[Opening RECORD EXCERPTS section]
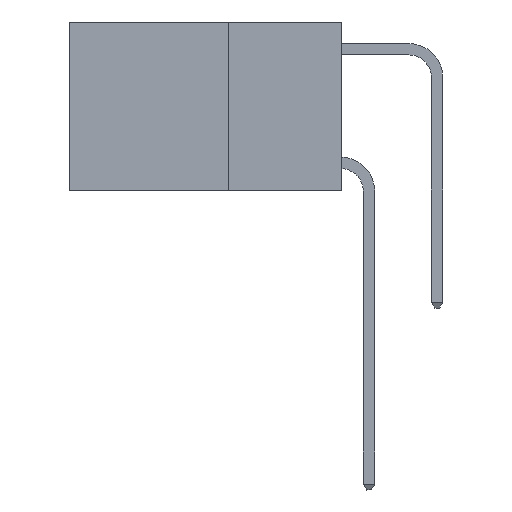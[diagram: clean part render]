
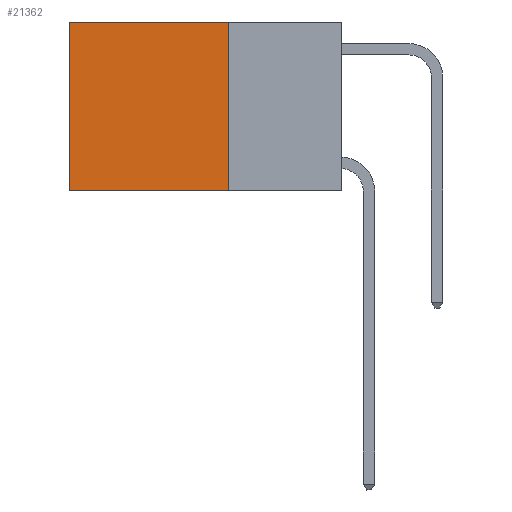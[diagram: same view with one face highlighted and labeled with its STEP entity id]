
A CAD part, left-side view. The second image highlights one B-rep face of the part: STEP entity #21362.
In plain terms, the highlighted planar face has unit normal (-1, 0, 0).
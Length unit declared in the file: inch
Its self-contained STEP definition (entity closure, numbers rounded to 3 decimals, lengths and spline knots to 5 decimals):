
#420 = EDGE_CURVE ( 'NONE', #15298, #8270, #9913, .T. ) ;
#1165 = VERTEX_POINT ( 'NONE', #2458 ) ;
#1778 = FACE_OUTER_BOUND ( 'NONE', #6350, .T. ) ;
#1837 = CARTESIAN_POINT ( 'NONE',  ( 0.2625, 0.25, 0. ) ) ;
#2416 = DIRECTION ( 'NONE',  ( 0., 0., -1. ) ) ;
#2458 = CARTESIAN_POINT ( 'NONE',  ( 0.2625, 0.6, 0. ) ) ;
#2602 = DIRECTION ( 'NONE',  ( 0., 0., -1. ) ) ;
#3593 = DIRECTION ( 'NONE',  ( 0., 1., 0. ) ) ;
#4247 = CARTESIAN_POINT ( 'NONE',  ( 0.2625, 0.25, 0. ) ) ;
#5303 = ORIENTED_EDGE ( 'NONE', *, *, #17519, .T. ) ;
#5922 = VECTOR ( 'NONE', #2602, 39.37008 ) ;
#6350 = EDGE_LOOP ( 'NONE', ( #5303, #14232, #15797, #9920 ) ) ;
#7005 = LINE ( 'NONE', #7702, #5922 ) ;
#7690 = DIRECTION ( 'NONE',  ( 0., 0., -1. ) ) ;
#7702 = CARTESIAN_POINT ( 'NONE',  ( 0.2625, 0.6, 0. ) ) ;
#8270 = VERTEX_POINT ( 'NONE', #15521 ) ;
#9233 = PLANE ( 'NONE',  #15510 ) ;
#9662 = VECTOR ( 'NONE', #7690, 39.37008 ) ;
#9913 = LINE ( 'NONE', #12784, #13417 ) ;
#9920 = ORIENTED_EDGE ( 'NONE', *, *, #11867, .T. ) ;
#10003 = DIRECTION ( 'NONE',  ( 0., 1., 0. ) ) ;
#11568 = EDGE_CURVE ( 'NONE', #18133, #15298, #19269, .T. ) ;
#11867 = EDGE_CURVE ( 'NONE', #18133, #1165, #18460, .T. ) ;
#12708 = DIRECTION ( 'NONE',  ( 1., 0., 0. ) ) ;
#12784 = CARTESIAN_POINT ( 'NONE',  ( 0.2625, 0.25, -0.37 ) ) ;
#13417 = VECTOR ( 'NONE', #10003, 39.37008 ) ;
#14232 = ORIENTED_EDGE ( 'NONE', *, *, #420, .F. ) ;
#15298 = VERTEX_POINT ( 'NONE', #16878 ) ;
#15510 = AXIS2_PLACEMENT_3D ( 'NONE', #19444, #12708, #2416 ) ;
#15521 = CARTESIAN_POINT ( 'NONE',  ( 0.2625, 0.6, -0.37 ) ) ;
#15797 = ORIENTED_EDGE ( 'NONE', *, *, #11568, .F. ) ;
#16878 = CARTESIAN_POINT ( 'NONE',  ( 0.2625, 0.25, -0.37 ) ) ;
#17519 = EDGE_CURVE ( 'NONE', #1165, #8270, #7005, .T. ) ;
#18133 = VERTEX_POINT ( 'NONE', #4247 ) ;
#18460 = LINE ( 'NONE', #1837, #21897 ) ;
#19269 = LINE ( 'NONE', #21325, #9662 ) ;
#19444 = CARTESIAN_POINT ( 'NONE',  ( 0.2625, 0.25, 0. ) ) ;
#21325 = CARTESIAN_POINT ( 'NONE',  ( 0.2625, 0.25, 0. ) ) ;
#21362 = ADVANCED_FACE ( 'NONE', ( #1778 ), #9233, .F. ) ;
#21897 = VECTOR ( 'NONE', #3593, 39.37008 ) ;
[Closing RECORD EXCERPTS section]
* **WHAT IS BEING ASKED**:
Please copy exactly, and only, the lines running from the one containing "#19269 = LINE ( 'NONE', #21325, #9662 ) ;" through the end of the listing.

* **OUTPUT**:
#19269 = LINE ( 'NONE', #21325, #9662 ) ;
#19444 = CARTESIAN_POINT ( 'NONE',  ( 0.2625, 0.25, 0. ) ) ;
#21325 = CARTESIAN_POINT ( 'NONE',  ( 0.2625, 0.25, 0. ) ) ;
#21362 = ADVANCED_FACE ( 'NONE', ( #1778 ), #9233, .F. ) ;
#21897 = VECTOR ( 'NONE', #3593, 39.37008 ) ;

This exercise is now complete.